*What you are asked to do*
For the material that follows, list every line containing the word "Стандартный".

----

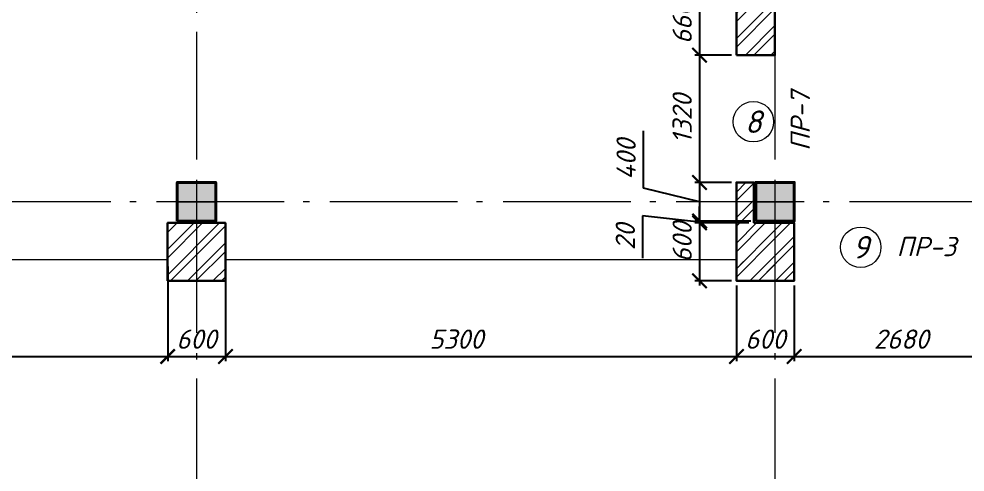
# Model space of a CAD drawing. Header units: millimetres. Extents: x -238377 to -11282, y -123214 to -44846.
# Drawn here: x -164343 to -154530, y -76014 to -71314 of the extents above; entities that cross this region are included whole.
import ezdxf
from ezdxf.enums import TextEntityAlignment as Align

# ---------------------------------------------------------------- set-up
doc = ezdxf.new("R2010")
doc.units = ezdxf.units.MM
doc.header["$MEASUREMENT"] = 0
doc.linetypes.add('Double Dashed', pattern=[1797.222233, 1325, -211.666656, 63.333344, -197.222233])
doc.linetypes.add('штриховаяX2', pattern=[38.1, 25.4, -12.7])
doc.layers.get('0').update_dxf_attribs({"lineweight": 5})
doc.layers.add('#Hatch', color=252, linetype='Continuous', lineweight=5, true_color=0x696969)
for name, color, linetype in [('#стены наруж', 7, 'Continuous'), ('колонны', 7, 'Continuous'), ('оси', 7, 'Continuous')]:
    doc.layers.add(name, color=color, linetype=linetype)
for name, color, linetype, lineweight in [('k_ Рамка', 7, 'Continuous', 50), ('колонны_Ном._пера__94', 252, 'Continuous', 13), ('колонны_Ном._пера__99', 7, 'Continuous', 40), ('оси_Ном._пера__96', 7, 'Continuous', 5), ('размеры', 7, 'Continuous', 5), ('чертеж_Ном._пера__96', 7, 'Continuous', 13)]:
    doc.layers.add(name, color=color, linetype=linetype, lineweight=lineweight)
doc.styles.get("Standard").update_dxf_attribs({"font": 'isocpeui.ttf'})
doc.styles.add('STEP PR', font='isocpeui.ttf')
doc.styles.add('СГЕНЕРИР_СТИЛЬ_3', font='gost_2_304-81_type.ttf')
doc.dimstyles.get("Standard").update_dxf_attribs({"dimtxt": 200, "dimasz": 150, "dimexe": 50, "dimexo": 50, "dimgap": 80, "dimtad": 1, "dimdec": 0, "dimzin": 0, "dimdsep": 46, "dimtxsty": 'Standard', "dimblk": 'ARCHTICK', "dimcen": 5, "dimdle": 50, "dimadec": 0, "dimazin": 0, "dimtfac": 1, "dimtdec": 0, "dimtofl": 0, "dimtmove": 1, "dimatfit": 3, "dimfxl": 1, "dimtolj": 1, "dimtzin": 0, "dimarcsym": 0})

# ---------------------------------------------------------------- blocks, each defined once
blk = doc.blocks.new('Стандартный маркер сетки_10')
at = {"layer": 'оси_Ном._пера__96', "linetype": 'Double Dashed'}
blk.add_line((900, 0), (20403.4, 0), dxfattribs=at)
at = {"layer": 'оси_Ном._пера__96', "style": 'СГЕНЕРИР_СТИЛЬ_3'}
blk.add_attdef('AC_MarkerText_1', text='', height=350, rotation=90, dxfattribs=at).set_placement((21973.1, -173.1), align=Align.BOTTOM_LEFT)
blk = doc.blocks.new('Стандартный маркер сетки_11')
at = {"layer": 'оси_Ном._пера__96', "linetype": 'Double Dashed'}
blk.add_line((900, 0), (20403.4, 0), dxfattribs=at)
at = {"layer": 'оси_Ном._пера__96', "style": 'СГЕНЕРИР_СТИЛЬ_3'}
blk.add_attdef('AC_MarkerText_1', text='', height=350, rotation=90, dxfattribs=at).set_placement((21973.1, -208.7), align=Align.BOTTOM_LEFT)
blk = doc.blocks.new('_ArchTick')
at = {"color": 0, "linetype": 'ByBlock', "const_width": 0.15}
blk.add_lwpolyline([(-0.5, -0.5), (0.5, 0.5)], dxfattribs=at)
blk = doc.blocks.new('*D52')
at = {"layer": 'Defpoints', "color": 0, "transparency": 16777216}
for p in [(-162800.3, -74305.6), (-168200.5, -74399.1), (-162800.3, -74815.4)]:
    blk.add_point(p, dxfattribs=at)
at = {"layer": 'размеры', "color": 0, "lineweight": -2, "transparency": 16777216}
for p, q in [((-162800.3, -74355.6), (-162800.3, -74865.4)), ((-168200.5, -74449.1), (-168200.5, -74865.4)), ((-168250.5, -74815.4), (-162750.3, -74815.4))]:
    blk.add_line(p, q, dxfattribs=at)
at = {"layer": 'размеры', "color": 0, "lineweight": -2, "transparency": 16777216, "xscale": 150, "yscale": 150, "zscale": 150, "rotation": 180}
blk.add_blockref('_ArchTick', (-168200.5, -74815.4), dxfattribs=at)
at = {"layer": 'размеры', "color": 0, "lineweight": -2, "transparency": 16777216, "xscale": 150, "yscale": 150, "zscale": 150}
blk.add_blockref('_ArchTick', (-162800.3, -74815.4), dxfattribs=at)
at = {"layer": 'размеры', "color": 0, "transparency": 16777216, "insert": (-165805.4, -74635.4), "char_height": 200, "attachment_point": 5}
blk.add_mtext('\\A1;5400', dxfattribs=at)
blk = doc.blocks.new('*D53')
at = {"layer": 'Defpoints', "color": 0, "transparency": 16777216}
for p in [(-162800.3, -73830.4), (-162200.3, -73950.4), (-162200.3, -74815.4)]:
    blk.add_point(p, dxfattribs=at)
at = {"layer": 'размеры', "color": 0, "lineweight": -2, "transparency": 16777216}
for p, q in [((-162800.3, -73880.4), (-162800.3, -74865.4)), ((-162200.3, -74000.4), (-162200.3, -74865.4)), ((-162850.3, -74815.4), (-162150.3, -74815.4))]:
    blk.add_line(p, q, dxfattribs=at)
at = {"layer": 'размеры', "color": 0, "lineweight": -2, "transparency": 16777216, "xscale": 150, "yscale": 150, "zscale": 150, "rotation": 180}
blk.add_blockref('_ArchTick', (-162800.3, -74815.4), dxfattribs=at)
at = {"layer": 'размеры', "color": 0, "lineweight": -2, "transparency": 16777216, "xscale": 150, "yscale": 150, "zscale": 150}
blk.add_blockref('_ArchTick', (-162200.3, -74815.4), dxfattribs=at)
at = {"layer": 'размеры', "color": 0, "transparency": 16777216, "insert": (-162501.2, -74635.4), "char_height": 200, "attachment_point": 5}
blk.add_mtext('\\A1;600', dxfattribs=at)
blk = doc.blocks.new('*D54')
at = {"layer": 'Defpoints', "color": 0, "transparency": 16777216}
for p in [(-162200.3, -74030.4), (-156901.5, -74030.4), (-156901.5, -74815.4)]:
    blk.add_point(p, dxfattribs=at)
at = {"layer": 'размеры', "color": 0, "lineweight": -2, "transparency": 16777216}
for p, q in [((-162200.3, -74080.4), (-162200.3, -74865.4)), ((-156901.5, -74080.4), (-156901.5, -74865.4)), ((-162250.3, -74815.4), (-156851.5, -74815.4))]:
    blk.add_line(p, q, dxfattribs=at)
at = {"layer": 'размеры', "color": 0, "lineweight": -2, "transparency": 16777216, "xscale": 150, "yscale": 150, "zscale": 150, "rotation": 180}
blk.add_blockref('_ArchTick', (-162200.3, -74815.4), dxfattribs=at)
at = {"layer": 'размеры', "color": 0, "lineweight": -2, "transparency": 16777216, "xscale": 150, "yscale": 150, "zscale": 150}
blk.add_blockref('_ArchTick', (-156901.5, -74815.4), dxfattribs=at)
at = {"layer": 'размеры', "color": 0, "transparency": 16777216, "insert": (-159805.4, -74635.4), "char_height": 200, "attachment_point": 5}
blk.add_mtext('\\A1;5300', dxfattribs=at)
blk = doc.blocks.new('Колонна_15_1', base_point=(22379, 71855.7))
at = {"layer": 'колонны_Ном._пера__94', "linetype": 'Continuous', "true_color": 0x7d7d7d}
blk.add_hatch(color=8, dxfattribs=at).paths.add_polyline_path([(22179, 71646.7), (22579, 71646.7), (22579, 72046.7), (22179, 72046.7)])
blk.add_hatch(color=8, dxfattribs=at).paths.add_polyline_path([(22179, 71646.7), (22579, 71646.7), (22579, 72046.7), (22179, 72046.7)])
at = {"layer": 'колонны_Ном._пера__99', "linetype": 'Continuous', "flags": 128}
blk.add_lwpolyline([(22179, 71646.7), (22579, 71646.7), (22579, 72046.7), (22179, 72046.7)], close=True, dxfattribs=at)
at = {"layer": 'колонны_Ном._пера__99', "color": 8, "linetype": 'Continuous', "true_color": 0x737373, "flags": 128}
blk.add_lwpolyline([(22179, 71646.7), (22579, 71646.7), (22579, 72046.7), (22179, 72046.7)], close=True, dxfattribs=at)
at = {"layer": 'оси_Ном._пера__96', "color": 253, "lineweight": 5, "true_color": 0x9c9c9c}
for points in [[(22379.3, 72046.7), (22379.3, 71646.7)], [(22379.3, 72046.7), (22379.3, 71646.7)], [(22179, 71846.7), (22579, 71846.7)], [(22179, 71846.7), (22579, 71846.7)]]:
    blk.add_lwpolyline(points, dxfattribs=at)
blk = doc.blocks.new('*D67')
at = {"layer": 'Defpoints', "color": 0, "transparency": 16777216}
for p in [(-156901.5, -74030.4), (-156301.8, -74030.4), (-156301.8, -74815.4)]:
    blk.add_point(p, dxfattribs=at)
at = {"layer": 'размеры', "color": 0, "lineweight": -2, "transparency": 16777216}
for p, q in [((-156901.5, -74080.4), (-156901.5, -74865.4)), ((-156301.8, -74080.4), (-156301.8, -74865.4)), ((-156951.5, -74815.4), (-156251.8, -74815.4))]:
    blk.add_line(p, q, dxfattribs=at)
at = {"layer": 'размеры', "color": 0, "lineweight": -2, "transparency": 16777216, "xscale": 150, "yscale": 150, "zscale": 150, "rotation": 180}
blk.add_blockref('_ArchTick', (-156901.5, -74815.4), dxfattribs=at)
at = {"layer": 'размеры', "color": 0, "lineweight": -2, "transparency": 16777216, "xscale": 150, "yscale": 150, "zscale": 150}
blk.add_blockref('_ArchTick', (-156301.8, -74815.4), dxfattribs=at)
at = {"layer": 'размеры', "color": 0, "transparency": 16777216, "insert": (-156601.1, -74635.4), "char_height": 200, "attachment_point": 5}
blk.add_mtext('\\A1;600', dxfattribs=at)
blk = doc.blocks.new('*D116')
at = {"layer": 'Defpoints', "color": 0, "transparency": 16777216}
for p in [(-156721.5, -71030.4), (-157284, -71690.4), (-156901.5, -71690.4)]:
    blk.add_point(p, dxfattribs=at)
at = {"layer": 'размеры', "color": 0, "lineweight": -2, "transparency": 16777216}
for p, q in [((-156771.5, -71030.4), (-157334, -71030.4)), ((-157284, -70980.4), (-157284, -71740.4)), ((-156951.5, -71690.4), (-157334, -71690.4))]:
    blk.add_line(p, q, dxfattribs=at)
at = {"layer": 'размеры', "color": 0, "lineweight": -2, "transparency": 16777216, "xscale": 150, "yscale": 150, "zscale": 150}
for p, rotation in [((-157284, -71030.4), 90), ((-157284, -71690.4), 270)]:
    blk.add_blockref('_ArchTick', p, dxfattribs=dict(at, rotation=rotation))
at = {"layer": 'размеры', "color": 0, "transparency": 16777216, "insert": (-157464, -71360.4), "char_height": 200, "attachment_point": 5, "rotation": 90}
blk.add_mtext('\\A1;660', dxfattribs=at)
blk = doc.blocks.new('*D117')
at = {"layer": 'Defpoints', "color": 0, "transparency": 16777216}
for p in [(-156901.5, -71690.4), (-157284, -73010.4), (-156901.5, -73010.4)]:
    blk.add_point(p, dxfattribs=at)
at = {"layer": 'размеры', "color": 0, "lineweight": -2, "transparency": 16777216}
for p, q in [((-156951.5, -71690.4), (-157334, -71690.4)), ((-157284, -71640.4), (-157284, -73060.4)), ((-156951.5, -73010.4), (-157334, -73010.4))]:
    blk.add_line(p, q, dxfattribs=at)
at = {"layer": 'размеры', "color": 0, "lineweight": -2, "transparency": 16777216, "xscale": 150, "yscale": 150, "zscale": 150}
for p, rotation in [((-157284, -71690.4), 90), ((-157284, -73010.4), 270)]:
    blk.add_blockref('_ArchTick', p, dxfattribs=dict(at, rotation=rotation))
at = {"layer": 'размеры', "color": 0, "transparency": 16777216, "insert": (-157464, -72350.4), "char_height": 200, "attachment_point": 5, "rotation": 90}
blk.add_mtext('\\A1;1320', dxfattribs=at)
blk = doc.blocks.new('*D118')
at = {"layer": 'Defpoints', "color": 0, "transparency": 16777216}
for p in [(-156901.5, -73010.4), (-157284, -73410.4), (-156701.5, -73410.4)]:
    blk.add_point(p, dxfattribs=at)
at = {"layer": 'размеры', "color": 0, "lineweight": -2, "transparency": 16777216}
for p, q in [((-157865.3, -73068.2), (-157865.3, -72473.5)), ((-156951.5, -73010.4), (-157334, -73010.4)), ((-157284, -72960.4), (-157284, -73460.4)), ((-157284, -73210.4), (-157865.3, -73068.2)), ((-156751.5, -73410.4), (-157334, -73410.4))]:
    blk.add_line(p, q, dxfattribs=at)
at = {"layer": 'размеры', "color": 0, "lineweight": -2, "transparency": 16777216, "xscale": 150, "yscale": 150, "zscale": 150}
for p, rotation in [((-157284, -73010.4), 90), ((-157284, -73410.4), 270)]:
    blk.add_blockref('_ArchTick', p, dxfattribs=dict(at, rotation=rotation))
at = {"layer": 'размеры', "color": 0, "transparency": 16777216, "insert": (-158045.3, -72770.9), "char_height": 200, "attachment_point": 5, "rotation": 90}
blk.add_mtext('\\A1;400', dxfattribs=at)
blk = doc.blocks.new('*D119')
at = {"layer": 'Defpoints', "color": 0, "transparency": 16777216}
for p in [(-157284, -73430.4), (-156721.5, -73430.4), (-156701.5, -73410.4)]:
    blk.add_point(p, dxfattribs=at)
at = {"layer": 'размеры', "color": 0, "lineweight": -2, "transparency": 16777216}
for p, q in [((-157284, -73410.4), (-157284, -73260.4)), ((-157284, -73420.4), (-157873.9, -73355.6)), ((-157873.9, -73355.6), (-157873.9, -73795.4)), ((-156751.5, -73410.4), (-157334, -73410.4)), ((-156771.5, -73430.4), (-157334, -73430.4)), ((-157284, -73410.4), (-157284, -73430.4)), ((-157284, -73430.4), (-157284, -73580.4))]:
    blk.add_line(p, q, dxfattribs=at)
at = {"layer": 'размеры', "color": 0, "lineweight": -2, "transparency": 16777216, "xscale": 150, "yscale": 150, "zscale": 150}
for p, rotation in [((-157284, -73410.4), 270), ((-157284, -73430.4), 90)]:
    blk.add_blockref('_ArchTick', p, dxfattribs=dict(at, rotation=rotation))
at = {"layer": 'размеры', "color": 0, "transparency": 16777216, "insert": (-158053.9, -73575.5), "char_height": 200, "attachment_point": 5, "rotation": 90}
blk.add_mtext('\\A1;20', dxfattribs=at)
blk = doc.blocks.new('*D120')
at = {"layer": 'Defpoints', "color": 0, "transparency": 16777216}
for p in [(-156721.5, -73430.4), (-157284, -74030.4), (-156901.5, -74030.4)]:
    blk.add_point(p, dxfattribs=at)
at = {"layer": 'размеры', "color": 0, "lineweight": -2, "transparency": 16777216}
for p, q in [((-157284, -73380.4), (-157284, -74080.4)), ((-156771.5, -73430.4), (-157334, -73430.4)), ((-156951.5, -74030.4), (-157334, -74030.4))]:
    blk.add_line(p, q, dxfattribs=at)
at = {"layer": 'размеры', "color": 0, "lineweight": -2, "transparency": 16777216, "xscale": 150, "yscale": 150, "zscale": 150}
for p, rotation in [((-157284, -73430.4), 90), ((-157284, -74030.4), 270)]:
    blk.add_blockref('_ArchTick', p, dxfattribs=dict(at, rotation=rotation))
at = {"layer": 'размеры', "color": 0, "transparency": 16777216, "insert": (-157464, -73630.4), "char_height": 200, "attachment_point": 5, "rotation": 90}
blk.add_mtext('\\A1;600', dxfattribs=at)
blk = doc.blocks.new('*D128')
at = {"layer": 'Defpoints', "color": 0, "transparency": 16777216}
for p in [(-153621.5, -73410.4), (-156301.8, -74030.4), (-153621.5, -74815.4)]:
    blk.add_point(p, dxfattribs=at)
at = {"layer": 'размеры', "color": 0, "lineweight": -2, "transparency": 16777216}
for p, q in [((-153621.5, -73460.4), (-153621.5, -74865.4)), ((-156301.8, -74080.4), (-156301.8, -74865.4)), ((-156351.8, -74815.4), (-153571.5, -74815.4))]:
    blk.add_line(p, q, dxfattribs=at)
at = {"layer": 'размеры', "color": 0, "lineweight": -2, "transparency": 16777216, "xscale": 150, "yscale": 150, "zscale": 150, "rotation": 180}
blk.add_blockref('_ArchTick', (-156301.8, -74815.4), dxfattribs=at)
at = {"layer": 'размеры', "color": 0, "lineweight": -2, "transparency": 16777216, "xscale": 150, "yscale": 150, "zscale": 150}
blk.add_blockref('_ArchTick', (-153621.5, -74815.4), dxfattribs=at)
at = {"layer": 'размеры', "color": 0, "transparency": 16777216, "insert": (-155191.3, -74635.4), "char_height": 200, "attachment_point": 5}
blk.add_mtext('\\A1;2680', dxfattribs=at)
blk = doc.blocks.new('*U225')
at = {"color": 0, "linetype": 'ByBlock', "lineweight": -2}
blk.add_circle((0, 0), 6, dxfattribs=at)
blk.add_attdef('Узел', text='', height=4, dxfattribs=at).set_placement((0, 0), align=Align.MIDDLE_CENTER)

msp = doc.modelspace()

# ---------------------------------------------------------------- hatches: boundary and pattern name
at = {"layer": '#Hatch'}
h = msp.add_hatch(dxfattribs=at)
h.set_pattern_fill('ANSI32', color=256, scale=500)
h.paths.add_polyline_path([(-156721.5, -71030.4), (-156721.5, -70610.4), (-156901.5, -70610.4), (-156901.5, -71690.4), (-156501.2, -71690.4), (-156501.2, -71030.4)])
h.paths.add_polyline_path([(-153221.5, -70610.4), (-153421.7, -70610.4), (-153421.5, -73210.4), (-153221.5, -73210.4)])
h.paths.add_polyline_path([(-153221.5, -73210.4), (-153421.5, -73210.4), (-153421.5, -73410.4), (-153221.5, -73410.4)])
h = msp.add_hatch(dxfattribs=at)
h.set_pattern_fill('ANSI32', color=256, scale=500)
h.set_pattern_definition([(45, (-0.3, 0), (-132.58252, 132.58252), []), (45, (88.1, 0), (-132.58252, 132.58252), [])])
h.paths.add_polyline_path([(-184001.5, -73430.4), (-184301.2, -73430.4), (-184301.2, -74030.4), (-184000.9, -74030.4)])
h.paths.add_polyline_path([(-183700.6, -73430.4), (-184001.5, -73430.4), (-184000.9, -74030.4), (-183700.6, -74030.4)])
h.paths.add_polyline_path([(-180501.5, -73430.4), (-180901.8, -73430.4), (-180901.8, -74030.3), (-180501.5, -74030.3)])
h.paths.add_polyline_path([(-180301.5, -73430.4), (-180501.5, -73430.4), (-180501.5, -74030.3), (-180301.5, -74030.3)])
h.paths.add_polyline_path([(-174501.5, -73430.4), (-174801.5, -73430.4), (-174801.5, -74030.4), (-174501.5, -74030.4)])
h.paths.add_polyline_path([(-174201.5, -73430.4), (-174501.5, -73430.4), (-174501.5, -74030.4), (-174201.5, -74030.4)])
h.paths.add_polyline_path([(-168501.5, -73430.4), (-168801.8, -73430.4), (-168801.8, -74030.4), (-168501.8, -74030.4)])
h.paths.add_polyline_path([(-168201.8, -73430.4), (-168501.5, -73430.4), (-168501.8, -74030.4), (-168201.8, -74030.4)])
h.paths.add_polyline_path([(-162501.5, -73430.4), (-162801.8, -73430.4), (-162801.8, -74030.4), (-162501.8, -74030.4)])
h.paths.add_polyline_path([(-162201.8, -73430.4), (-162501.5, -73430.4), (-162501.8, -74030.4), (-162201.8, -74030.4)])
h.paths.add_polyline_path([(-156501.5, -73430.4), (-156721.8, -73430.4), (-156721.8, -73210.4), (-156901.7, -73210.4), (-156901.7, -73830.4), (-156501.5, -73830.4)], flags=17)
h.paths.add_polyline_path([(-156301.6, -73430.4), (-156721.8, -73430.4), (-156721.8, -73010.4), (-156901.7, -73010.4), (-156901.7, -73830.4), (-156302.1, -73830.4), (-156302.1, -73830.4), (-156901.7, -73830.4), (-156901.7, -74030.4), (-156302.1, -74030.4), (-156302.1, -73830.4), (-156901.7, -73830.4), (-156901.7, -73830.4), (-156301.6, -73830.4)])
h = msp.add_hatch(dxfattribs=at)
h.set_pattern_fill('ANSI32', color=256, scale=500)
h.paths.add_polyline_path([(-156901.5, -74030.4), (-156501.2, -74030.4), (-156501.2, -73430.4), (-156721.5, -73430.4), (-156721.5, -73210.4), (-156901.5, -73210.4)])

# ---------------------------------------------------------------- linework, layer by layer
at = {"layer": '#стены наруж', "lineweight": 30}
for points in [[(-156901.5, -71690.4), (-156901.5, -70610.4), (-156721.5, -70610.4), (-156721.5, -71030.4), (-156501.2, -71030.4), (-156501.2, -71030.4), (-156501.2, -71690.4), (-156901.4, -71690.4)], [(-156721.5, -73430.4), (-156301.3, -73430.4), (-156301.8, -74030.4), (-156901.5, -74030.4), (-156901.5, -73010.4), (-156721.5, -73010.4), (-156721.5, -73430.4)]]:
    msp.add_lwpolyline(points, dxfattribs=at)
for points in [[(-162201.5, -74030.4), (-162201.5, -73430.4), (-162801.5, -73430.4), (-162801.5, -74030.4)], [(-162201.5, -74030.4), (-162201.5, -74030.4), (-162801.5, -74030.4), (-162801.5, -74030.4)]]:
    msp.add_lwpolyline(points, close=True, dxfattribs=at)
at = {"layer": 'Defpoints', "color": 8, "linetype": 'штриховаяX2', "lineweight": 5, "ltscale": 5, "true_color": 0x737373, "const_width": 0.5}
msp.add_lwpolyline([(-162301.2, -73010.4), (-162701.5, -73010.4), (-162700.7, -65010.4), (-162300.4, -65010.4)], close=True, dxfattribs=at)
at = {"layer": 'оси_Ном._пера__96', "linetype": 'Double Dashed'}
msp.add_line((-143619.1, -73210.4), (-216265.2, -73210.4), dxfattribs=at)
at = {"layer": 'чертеж_Ном._пера__96'}
for points in [[(-168201.5, -73810.4), (-162801.5, -73810.4)], [(-162201.5, -73810.4), (-156901.4, -73810.4)]]:
    msp.add_lwpolyline(points, dxfattribs=at)

# ---------------------------------------------------------------- block references
at = {"layer": 'колонны'}
for p in [(-162501.5, -73201.5), (-156501.5, -73201.5)]:
    msp.add_blockref('Колонна_15_1', p, dxfattribs=at)
at = {"layer": 'оси', "color": 251, "linetype": 'Continuous', "lineweight": 13, "zscale": 1000, "rotation": 270}
for name, p in [('Стандартный маркер сетки_10', (-162501.2, -63359)), ('Стандартный маркер сетки_11', (-156501.2, -63359))]:
    msp.add_blockref(name, p, dxfattribs=at)
at = {"layer": 'размеры'}
ref = msp.add_blockref('*U225', (-156725.3, -72379.8), dxfattribs=dict(at, xscale=35, yscale=35, zscale=35))
ref.add_attrib('Узел', '8', dxfattribs={"layer": '0', "color": 0, "linetype": 'ByBlock', "lineweight": -2, "height": 233.3}).set_placement((-156725.3, -72379.8), align=Align.MIDDLE_CENTER)
ref = msp.add_blockref('*U225', (-155611.7, -73682.2), dxfattribs=dict(at, xscale=35, yscale=35, zscale=35))
ref.add_attrib('Узел', '9', dxfattribs={"layer": '0', "color": 0, "linetype": 'ByBlock', "lineweight": -2, "height": 233.3}).set_placement((-155611.7, -73682.2), align=Align.MIDDLE_CENTER)

# ---------------------------------------------------------------- texts
at = {"layer": 'k_ Рамка', "color": 7, "style": 'STEP PR'}
msp.add_text('ПР-7', height=200, rotation=90, dxfattribs=at).set_placement((-156138.5, -72682.2))
msp.add_text('ПР-3', height=200, dxfattribs=at).set_placement((-155239.7, -73775.4))

# ---------------------------------------------------------------- dimensions: what is measured, and where the dimension line sits
at = {"layer": 'размеры'}
for base, p1, p2, picture, middle in [((-157284, -71690.4), (-156721.5, -71030.4), (-156901.5, -71690.4), '*D116', (-157464, -71360.4)), ((-157284, -73010.4), (-156901.5, -71690.4), (-156901.5, -73010.4), '*D117', (-157464, -72350.4))]:
    dim = msp.add_linear_dim(base=base, p1=p1, p2=p2, angle=90, dimstyle='Standard', dxfattribs=at)
    dim.commit()
    dim.dimension.update_dxf_attribs({"geometry": picture, "text_midpoint": middle})
for base, p1, p2, picture, middle in [((-157284, -73410.4), (-156901.5, -73010.4), (-156701.5, -73410.4), '*D118', (-157865.3, -72988.2)), ((-157284, -73430.4), (-156701.5, -73410.4), (-156721.5, -73430.4), '*D119', (-157873.9, -73435.6)), ((-157284, -74030.4), (-156721.5, -73430.4), (-156901.5, -74030.4), '*D120', (-157284, -73630.4))]:
    dim = msp.add_linear_dim(base=base, p1=p1, p2=p2, angle=90, dimstyle='Standard', dxfattribs=at)
    dim.commit()
    dim.dimension.update_dxf_attribs({"geometry": picture, "text_midpoint": middle, "dimtype": 160})
for base, p1, p2, picture, middle in [((-153621.5, -74815.4), (-156301.8, -74030.4), (-153621.5, -73410.4), '*D128', (-155191.3, -74815.4)), ((-162200.3, -74815.4), (-162800.3, -73830.4), (-162200.3, -73950.4), '*D53', (-162501.2, -74815.4)), ((-156301.8, -74815.4), (-156901.5, -74030.4), (-156301.8, -74030.4), '*D67', (-156601.1, -74815.4)), ((-162800.3, -74815.4), (-168200.5, -74399.1), (-162800.3, -74305.6), '*D52', (-165805.4, -74815.4))]:
    dim = msp.add_linear_dim(base=base, p1=p1, p2=p2, dimstyle='Standard', dxfattribs=at)
    dim.commit()
    dim.dimension.update_dxf_attribs({"geometry": picture, "text_midpoint": middle, "dimtype": 160})
dim = msp.add_linear_dim(base=(-156901.5, -74815.4), p1=(-162200.3, -74030.4), p2=(-156901.5, -74030.4), dimstyle='Standard', override={"dimrnd": 5}, dxfattribs=at)
dim.commit()
dim.dimension.update_dxf_attribs({"geometry": '*D54', "text_midpoint": (-159805.4, -74815.4), "dimtype": 160})

doc.saveas('drawing.dxf')

----

*Problem solution*
blk = doc.blocks.new('Стандартный маркер сетки_10')
blk = doc.blocks.new('Стандартный маркер сетки_11')
for name, p in [('Стандартный маркер сетки_10', (-162501.2, -63359)), ('Стандартный маркер сетки_11', (-156501.2, -63359))]:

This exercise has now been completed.